What you need to do —
Which lines below contain the word "font"? Copy each of them.

Data to process —
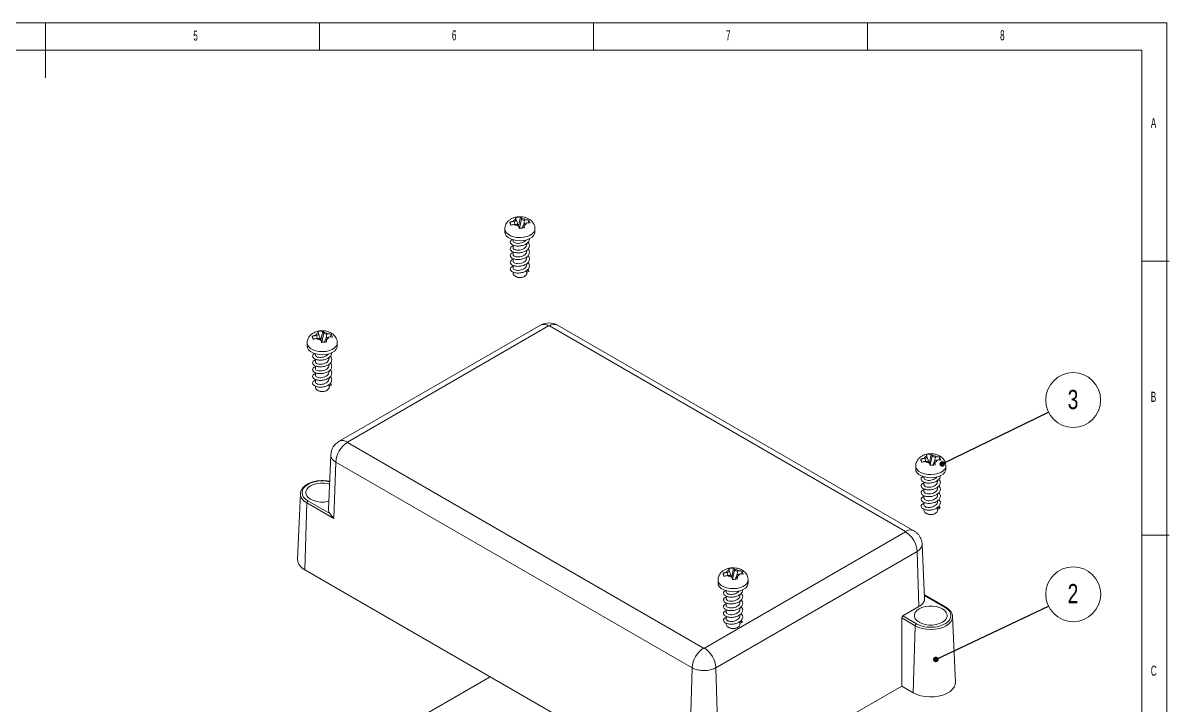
# Model space of a CAD drawing. Header units: millimetres. Extents: x 5 to 415, y 5 to 292.
# Drawn here: x 205.9 to 415, y 167.5 to 292 of the extents above; entities that cross this region are included whole.
import ezdxf

# ---------------------------------------------------------------- set-up
doc = ezdxf.new("R2010")
doc.units = ezdxf.units.MM
doc.layers.add('LAYER_1', color=179, linetype='Continuous', lineweight=15)
doc.styles.add('SLDTEXTSTYLE1', font='TXT', dxfattribs={"width": 0.605})
doc.styles.add('SLDTEXTSTYLE4', font='TXT', dxfattribs={"width": 0.75})
doc.dimstyles.new('SLDDIMSTYLE0', dxfattribs={"dimtxt": 0, "dimasz": 1.016, "dimexe": 0, "dimexo": 0.0625, "dimgap": 0, "dimtad": 0, "dimtih": 1, "dimtoh": 1, "dimdec": 0, "dimrnd": 1e-09, "dimzin": 0, "dimdsep": 46, "dimtxsty": 'Standard', "dimblk1": 'DOT', "dimblk2": 'DOT', "dimsah": 1, "dimcen": 0.09, "dimadec": 0, "dimazin": 0, "dimtfac": 1.016, "dimtdec": 0, "dimtofl": 0, "dimtmove": 0, "dimatfit": 3, "dimldrblk": 'DOT', "dimfxl": 1, "dimfrac": 2, "dimtolj": 1, "dimtzin": 0, "dimarcsym": 0})

# ---------------------------------------------------------------- blocks, each defined once
blk = doc.blocks.new('SW_NOTE_3')
at = {"layer": 'LAYER_1', "color": 0}
blk.add_circle((4.5, 2.2), 5.01, dxfattribs=at)
at = {"layer": 'LAYER_1', "color": 0, "insert": (4.47, 4.05), "char_height": 3.5, "attachment_point": 2, "style": 'SLDTEXTSTYLE4'}
blk.add_mtext('3', dxfattribs=at)
blk = doc.blocks.new('_DOT')
at = {"color": 0, "linetype": 'ByBlock', "lineweight": -2}
blk.add_line((-0.5, 0), (-1, 0), dxfattribs=at)
at = {"color": 0, "linetype": 'ByBlock', "const_width": 0.5}
blk.add_lwpolyline([(-0.25, 0, 1), (0.25, 0, 1)], format="xyb", close=True, dxfattribs=at)
blk = doc.blocks.new('SW_NOTE_4')
at = {"layer": 'LAYER_1', "color": 0}
blk.add_circle((4.53, 2.15), 5.01, dxfattribs=at)
at = {"layer": 'LAYER_1', "color": 0, "insert": (4.49, 4.01), "char_height": 3.5, "attachment_point": 2, "style": 'SLDTEXTSTYLE4'}
blk.add_mtext('2', dxfattribs=at)

msp = doc.modelspace()

# ---------------------------------------------------------------- linework, layer by layer
at = {"color": 7, "linetype": 'Continuous', "lineweight": 15}
for p, q in [((295.502, 255.784), (295.343, 255.765)), ((295.548, 255.2), (295.707, 255.219)), ((295.842, 256.207), (295.876, 256.115)), ((295.876, 256.115), (296.223, 255.089)), ((296.315, 254.904), (296.663, 256.578)), ((296.854, 256.233), (296.821, 256.325)), ((297.263, 255.253), (296.938, 254.539)), ((297.291, 255.03), (297.258, 255.122)), ((297.585, 256.037), (297.426, 256.017)), ((297.631, 255.452), (297.791, 255.472)), ((298.096, 255.488), (298.202, 255.998)), ((293.817, 254.394), (293.817, 253.822)), ((293.875, 253.496), (293.817, 253.822)), ((296.279, 255.004), (296.313, 254.912)), ((299.317, 253.822), (299.317, 254.394)), ((295.317, 252.408), (295.317, 252.186)), ((295.317, 251.45), (295.317, 250.953)), ((297.817, 251.569), (297.817, 251.768)), ((295.317, 250.217), (295.317, 249.72)), ((295.317, 248.984), (295.317, 248.487)), ((297.817, 250.336), (297.817, 250.535)), ((297.817, 249.103), (297.817, 249.302)), ((295.317, 247.751), (295.317, 247.254)), ((297.817, 247.87), (297.817, 248.069)), ((297.817, 246.269), (297.817, 246.836)), ((297.817, 246.818), (298.28, 246.681)), ((298.28, 246.681), (298.058, 247.045)), ((295.317, 246.518), (295.317, 246.269)), ((295.683, 245.759), (295.86, 245.657)), ((297.274, 245.657), (297.451, 245.759)), ((298.28, 246.681), (297.817, 246.431)), ((300.302, 236.823), (263.59, 215.629)), ((301.802, 236.674), (265.09, 215.481)), ((366.934, 199.153), (301.938, 236.674)), ((368.434, 199.301), (303.438, 236.823)), ((259.44, 234.966), (259.28, 234.947)), ((259.486, 234.382), (259.645, 234.401)), ((259.78, 235.388), (259.813, 235.296)), ((259.813, 235.296), (260.161, 234.27)), ((260.253, 234.085), (260.6, 235.76)), ((260.792, 235.415), (260.759, 235.507)), ((261.2, 234.435), (260.875, 233.721)), ((261.229, 234.212), (261.195, 234.304)), ((261.523, 235.218), (261.364, 235.199)), ((261.569, 234.634), (261.728, 234.653)), ((262.034, 234.67), (262.139, 235.179)), ((257.754, 233.575), (257.754, 233.004)), ((257.813, 232.678), (257.754, 233.004)), ((260.217, 234.185), (260.25, 234.094)), ((263.254, 233.004), (263.254, 233.575)), ((259.254, 231.59), (259.254, 231.367)), ((259.254, 230.632), (259.254, 230.134)), ((261.754, 230.751), (261.754, 230.95)), ((259.254, 229.399), (259.254, 228.901)), ((259.254, 228.166), (259.254, 227.668)), ((261.754, 229.518), (261.754, 229.717)), ((261.754, 228.285), (261.754, 228.484)), ((259.254, 226.933), (259.254, 226.435)), ((261.754, 227.052), (261.754, 227.251)), ((261.754, 225.451), (261.754, 226.018)), ((261.754, 225.999), (262.217, 225.862)), ((262.217, 225.862), (261.754, 225.613)), ((262.217, 225.862), (261.995, 226.227)), ((259.254, 225.7), (259.254, 225.451)), ((259.62, 224.94), (259.797, 224.838)), ((261.212, 224.838), (261.388, 224.94)), ((265.09, 215.403), (330.086, 177.881)), ((371.269, 211.634), (371.616, 213.308)), ((262.065, 213.125), (261.634, 203.246)), ((262.97, 211.815), (262.649, 201.526)), ((327.966, 174.293), (262.97, 211.815)), ((370.455, 212.515), (370.296, 212.496)), ((370.501, 211.931), (370.661, 211.95)), ((370.796, 212.937), (370.829, 212.845)), ((370.829, 212.845), (371.177, 211.819)), ((371.232, 211.734), (371.266, 211.642)), ((371.808, 212.963), (371.774, 213.055)), ((372.216, 211.984), (371.891, 211.269)), ((372.245, 211.761), (372.211, 211.853)), ((372.539, 212.767), (372.38, 212.748)), ((372.585, 212.183), (372.744, 212.202)), ((373.049, 212.219), (373.155, 212.728)), ((368.77, 211.124), (368.77, 210.552)), ((368.829, 210.227), (368.77, 210.552)), ((370.27, 209.138), (370.27, 208.916)), ((374.27, 210.552), (374.27, 211.124)), ((370.27, 208.181), (370.27, 207.683)), ((372.77, 208.3), (372.77, 208.499)), ((372.77, 207.067), (372.77, 207.266)), ((256.519, 206.076), (256.006, 194.071)), ((370.27, 206.948), (370.27, 206.45)), ((370.27, 205.715), (370.27, 205.217)), ((372.77, 205.834), (372.77, 206.033)), ((257.686, 204.392), (257.322, 192.17)), ((262.649, 201.526), (257.686, 204.392)), ((257.898, 204.75), (261.876, 202.454)), ((370.27, 204.482), (370.27, 203.984)), ((370.27, 203.249), (370.27, 202.999)), ((372.77, 204.601), (372.77, 204.8)), ((372.77, 202.999), (372.77, 203.567)), ((372.77, 203.548), (373.233, 203.411)), ((373.233, 203.411), (372.77, 203.162)), ((373.233, 203.411), (373.011, 203.776)), ((370.636, 202.489), (370.813, 202.387)), ((372.227, 202.387), (372.404, 202.489)), ((330.222, 177.881), (366.934, 199.074)), ((370.391, 186.917), (369.959, 196.797)), ((369.054, 195.486), (332.342, 174.293)), ((369.368, 185.439), (369.054, 195.486)), ((335.206, 190.816), (335.553, 192.49)), ((257.322, 192.17), (332.276, 148.9)), ((332.708, 190.306), (332.708, 189.734)), ((334.393, 191.696), (334.234, 191.677)), ((334.439, 191.112), (334.598, 191.131)), ((334.733, 192.118), (334.767, 192.027)), ((334.767, 192.027), (335.114, 191.001)), ((335.17, 190.916), (335.203, 190.824)), ((335.745, 192.145), (335.712, 192.237)), ((336.154, 191.165), (335.829, 190.451)), ((336.182, 190.942), (336.149, 191.034)), ((336.476, 191.949), (336.317, 191.929)), ((336.522, 191.364), (336.682, 191.384)), ((336.987, 191.4), (337.093, 191.91)), ((338.208, 189.734), (338.208, 190.306)), ((332.766, 189.408), (332.708, 189.734)), ((334.208, 188.32), (334.208, 188.098)), ((334.208, 187.362), (334.208, 186.865)), ((334.208, 186.129), (334.208, 185.632)), ((336.708, 187.481), (336.708, 187.68)), ((336.708, 186.248), (336.708, 186.447)), ((374.277, 185.324), (370.361, 187.584)), ((334.208, 184.896), (334.208, 184.399)), ((336.708, 185.015), (336.708, 185.214)), ((369.368, 185.439), (366.422, 183.738)), ((334.208, 183.663), (334.208, 183.166)), ((334.208, 182.43), (334.208, 182.181)), ((336.708, 183.782), (336.708, 183.981)), ((336.708, 182.181), (336.708, 182.748)), ((336.708, 182.729), (337.17, 182.592)), ((337.17, 182.592), (336.708, 182.343)), ((337.17, 182.592), (336.948, 182.957)), ((366.217, 183.375), (366.217, 170.944)), ((368.701, 181.94), (366.217, 183.375)), ((366.422, 183.738), (368.913, 182.299)), ((368.701, 181.94), (368.338, 169.719)), ((375.502, 183.676), (375.505, 183.624)), ((376.019, 171.62), (375.505, 183.624)), ((334.574, 181.671), (334.75, 181.569)), ((336.165, 181.569), (336.342, 181.671)), ((327.676, 163.987), (327.966, 174.293)), ((332.342, 174.293), (332.626, 164.228)), ((291.136, 172.65), (265.101, 157.62)), ((339.748, 155.664), (366.217, 170.944)), ((366.217, 170.944), (368.338, 169.719))]:
    msp.add_line(p, q, dxfattribs=at)
at = {"color": 8, "linetype": 'Continuous', "lineweight": 15}
for p, q in [((295.694, 255.218), (295.502, 255.784)), ((296.489, 254.471), (296.854, 256.233)), ((297.258, 255.122), (296.995, 254.544)), ((297.426, 256.017), (297.271, 255.269)), ((293.875, 254.068), (293.817, 254.399)), ((259.632, 234.399), (259.44, 234.966)), ((260.427, 233.653), (260.792, 235.415)), ((261.195, 234.304), (260.932, 233.726)), ((261.364, 235.199), (261.209, 234.451)), ((257.813, 233.249), (257.754, 233.58)), ((370.647, 211.948), (370.455, 212.515)), ((371.442, 211.201), (371.808, 212.963)), ((372.211, 211.853), (371.948, 211.274)), ((372.38, 212.748), (372.224, 212)), ((368.829, 210.798), (368.77, 211.129)), ((332.766, 189.98), (332.708, 190.311)), ((334.585, 191.13), (334.393, 191.696)), ((335.38, 190.383), (335.745, 192.145)), ((336.149, 191.034), (335.886, 190.456)), ((336.317, 191.929), (336.162, 191.181)), ((374.127, 185.309), (370.366, 187.48))]:
    msp.add_line(p, q, dxfattribs=at)
at = {"color": 8, "linetype": 'Continuous', "lineweight": 15, "flags": 128}
for points in [[(299.317, 254.394), (299.289, 254.168), (299.126, 253.812), (298.824, 253.487), (298.401, 253.211), (297.879, 252.999), (297.287, 252.861), (296.655, 252.807), (296.019, 252.838), (295.412, 252.953), (294.868, 253.145), (294.415, 253.405), (294.078, 253.718), (293.875, 254.068)], [(263.254, 233.575), (263.227, 233.35), (263.063, 232.994), (262.762, 232.669), (262.339, 232.393), (261.817, 232.18), (261.224, 232.043), (260.593, 231.989), (259.957, 232.02), (259.35, 232.134), (258.805, 232.327), (258.352, 232.587), (258.016, 232.9), (257.813, 233.249)], [(374.27, 211.124), (374.242, 210.899), (374.079, 210.542), (373.778, 210.217), (373.355, 209.941), (372.833, 209.729), (372.24, 209.592), (371.609, 209.537), (370.972, 209.568), (370.366, 209.683), (369.821, 209.876), (369.368, 210.136), (369.031, 210.449), (368.829, 210.798)], [(261.855, 208.235), (261.224, 208.342), (260.504, 208.383), (259.785, 208.342), (259.094, 208.221), (258.456, 208.025), (257.898, 207.76), (257.439, 207.437), (257.098, 207.07), (256.889, 206.67), (256.818, 206.255), (256.889, 205.84), (257.098, 205.441), (257.439, 205.073), (257.898, 204.75)], [(338.208, 190.306), (338.18, 190.08), (338.016, 189.724), (337.715, 189.399), (337.292, 189.123), (336.77, 188.911), (336.178, 188.773), (335.546, 188.719), (334.91, 188.75), (334.303, 188.865), (333.759, 189.057), (333.306, 189.317), (332.969, 189.63), (332.766, 189.98)], [(375.505, 183.624), (375.506, 183.568), (375.43, 183.119), (375.203, 182.687), (374.835, 182.289), (374.339, 181.94), (373.735, 181.654), (373.046, 181.441), (372.298, 181.31), (371.52, 181.266), (370.742, 181.31), (369.995, 181.441), (369.305, 181.654), (368.701, 181.94)]]:
    msp.add_lwpolyline(points, dxfattribs=at)
at = {"color": 7, "linetype": 'Continuous', "lineweight": 15, "flags": 128}
for points in [[(299.317, 253.822), (299.289, 253.597), (299.126, 253.24), (298.824, 252.915), (298.401, 252.639), (297.879, 252.427), (297.287, 252.29), (296.655, 252.235), (296.019, 252.266), (295.412, 252.381), (294.868, 252.574), (294.415, 252.834), (294.078, 253.147), (293.875, 253.496)], [(295.317, 246.269), (295.343, 246.121), (295.505, 245.888), (295.795, 245.702), (296.177, 245.583), (296.607, 245.548), (297.032, 245.599), (297.401, 245.731), (297.669, 245.929), (297.804, 246.167), (297.817, 246.269)], [(263.254, 233.004), (263.227, 232.778), (263.063, 232.422), (262.762, 232.097), (262.339, 231.821), (261.817, 231.609), (261.224, 231.471), (260.593, 231.417), (259.957, 231.448), (259.35, 231.563), (258.805, 231.755), (258.352, 232.015), (258.016, 232.328), (257.813, 232.678)], [(259.254, 225.451), (259.281, 225.303), (259.442, 225.07), (259.732, 224.883), (260.115, 224.765), (260.545, 224.729), (260.969, 224.781), (261.338, 224.913), (261.606, 225.11), (261.742, 225.348), (261.754, 225.451)], [(374.27, 210.552), (374.242, 210.327), (374.079, 209.971), (373.778, 209.646), (373.355, 209.37), (372.833, 209.157), (372.24, 209.02), (371.609, 208.966), (370.972, 208.997), (370.366, 209.112), (369.821, 209.304), (369.368, 209.564), (369.031, 209.877), (368.829, 210.227)], [(261.712, 204.67), (261.495, 204.62), (260.84, 204.534), (260.168, 204.534), (259.514, 204.62), (258.908, 204.789), (258.383, 205.031), (257.964, 205.334), (257.673, 205.683), (257.523, 206.061), (257.523, 206.449), (257.673, 206.827), (257.964, 207.177), (258.383, 207.48), (258.908, 207.722), (259.514, 207.89), (260.168, 207.976), (260.84, 207.976), (261.495, 207.89), (261.842, 207.805)], [(256.518, 206.016), (256.518, 206.019), (256.519, 206.076)], [(370.27, 202.999), (370.297, 202.851), (370.458, 202.619), (370.748, 202.432), (371.131, 202.314), (371.56, 202.278), (371.985, 202.33), (372.354, 202.462), (372.622, 202.659), (372.757, 202.897), (372.77, 202.999)], [(338.208, 189.734), (338.18, 189.509), (338.016, 189.152), (337.715, 188.827), (337.292, 188.551), (336.77, 188.339), (336.178, 188.202), (335.546, 188.147), (334.91, 188.178), (334.303, 188.293), (333.759, 188.486), (333.306, 188.746), (332.969, 189.059), (332.766, 189.408)], [(373.641, 185.029), (374.06, 184.725), (374.352, 184.376), (374.501, 183.998), (374.501, 183.61), (374.352, 183.232), (374.06, 182.883), (373.641, 182.579), (373.116, 182.338), (372.511, 182.169), (371.856, 182.083), (371.184, 182.083), (370.529, 182.169), (369.924, 182.338), (369.399, 182.579), (368.98, 182.883), (368.688, 183.232), (368.539, 183.61), (368.539, 183.998), (368.688, 184.376), (368.98, 184.725), (369.399, 185.029), (369.924, 185.27), (370.529, 185.439), (371.184, 185.525), (371.856, 185.525), (372.511, 185.439), (373.116, 185.27), (373.641, 185.029)], [(368.913, 182.299), (369.472, 182.034), (370.109, 181.838), (370.801, 181.717), (371.52, 181.676), (372.239, 181.717), (372.931, 181.838), (373.568, 182.034), (374.127, 182.299), (374.585, 182.622), (374.926, 182.99), (375.136, 183.389), (375.207, 183.804), (375.136, 184.219), (374.926, 184.618), (374.585, 184.986), (374.127, 185.309)], [(334.208, 182.181), (334.234, 182.033), (334.396, 181.8), (334.685, 181.614), (335.068, 181.495), (335.498, 181.46), (335.923, 181.511), (336.292, 181.643), (336.56, 181.84), (336.695, 182.079), (336.708, 182.181)], [(368.338, 169.719), (368.977, 169.413), (369.702, 169.179), (370.49, 169.027), (371.312, 168.961), (372.142, 168.983), (372.95, 169.093), (373.71, 169.286), (374.395, 169.557), (374.982, 169.896), (375.451, 170.292), (375.787, 170.73), (375.977, 171.197), (376.019, 171.62)]]:
    msp.add_lwpolyline(points, dxfattribs=at)
at = {"color": 7, "linetype": 'Continuous', "lineweight": 15}
for centre, radius, start, end in [((296.104, 255.408), 0.84, 108.10647, 154.82206), ((296.445, 256.421), 1.515, 233.69196, 264.97941), ((296.688, 254.816), 1.515, 53.69196, 84.97941), ((297.03, 255.829), 0.84, 288.10647, 334.82206), ((296.567, 246.982), 1.503, 241.92076, 298.07924), ((301.87, 234.085), 3.155, 59.71338, 119.73699), ((260.041, 234.589), 0.84, 108.10647, 154.82206), ((260.383, 235.603), 1.515, 233.69196, 264.97941), ((260.626, 233.998), 1.515, 53.69196, 84.97941), ((260.968, 235.011), 0.84, 288.10647, 334.82206), ((260.504, 226.164), 1.503, 241.92076, 298.07924), ((265.122, 212.988), 3.053, 119.60441, 177.43855), ((267.593, 211.503), 4.633, 122.6951, 176.15006), ((371.057, 212.138), 0.84, 108.10647, 154.82206), ((371.398, 213.151), 1.515, 233.69196, 264.97941), ((371.642, 211.546), 1.515, 53.69196, 84.97941), ((371.983, 212.56), 0.84, 288.10647, 334.82206), ((258.148, 204.36), 0.463, 122.6951, 176.15006), ((371.52, 203.713), 1.503, 241.92076, 298.07924), ((364.432, 195.175), 4.633, 3.84994, 57.3049), ((258.218, 194.197), 2.216, 183.25847, 246.15356), ((334.994, 191.32), 0.84, 108.10647, 154.82206), ((335.336, 192.333), 1.515, 233.69196, 264.97941), ((335.579, 190.728), 1.515, 53.69196, 84.97941), ((335.921, 191.741), 0.84, 288.10647, 334.82206), ((369.164, 181.909), 0.463, 122.6951, 176.15006), ((335.458, 182.894), 1.503, 241.92076, 298.07924), ((332.589, 173.982), 4.633, 122.6951, 176.15006), ((327.72, 173.982), 4.633, 3.84994, 57.3049)]:
    msp.add_arc(centre, radius, start, end, dxfattribs=at)
at = {"color": 8, "linetype": 'Continuous', "lineweight": 15}
for centre, radius, start, end in [((300.926, 235.476), 1.484, 53.82896, 114.86058), ((302.814, 235.476), 1.484, 65.13942, 126.17104), ((264.214, 214.283), 1.484, 53.83236, 114.82308), ((258.514, 206.219), 2.006, 185.80242, 245.61596), ((367.81, 197.954), 1.484, 65.17692, 126.16764), ((368.34, 196.947), 1.626, 296.05431, 354.67099), ((374.214, 185.189), 0.148, 65.17713, 126.16762)]:
    msp.add_arc(centre, radius, start, end, dxfattribs=at)
at = {"color": 7, "linetype": 'Continuous', "lineweight": 15}
for centre, major_axis, ratio, start_param, end_param in [((295.362, 256.073), (0.524, -0.026), 0.559927, 5.0110288, 6.5147877), ((295.78, 254.923), (0.51, 0.029), 0.590716, 0.1760469, 1.6798058), ((297.354, 256.314), (0.51, 0.029), 0.590716, 3.3176396, 4.8213984), ((297.772, 255.164), (0.524, -0.026), 0.559927, 1.8694362, 3.373195), ((259.3, 235.254), (0.524, -0.026), 0.559927, 5.0110288, 6.5147877), ((259.717, 234.105), (0.51, 0.029), 0.590716, 0.1760469, 1.6798058), ((261.291, 235.496), (0.51, 0.029), 0.590716, 3.3176396, 4.8213984), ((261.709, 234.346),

Solution —
doc.styles.add('SLDTEXTSTYLE1', font='TXT', dxfattribs={"width": 0.605})
doc.styles.add('SLDTEXTSTYLE4', font='TXT', dxfattribs={"width": 0.75})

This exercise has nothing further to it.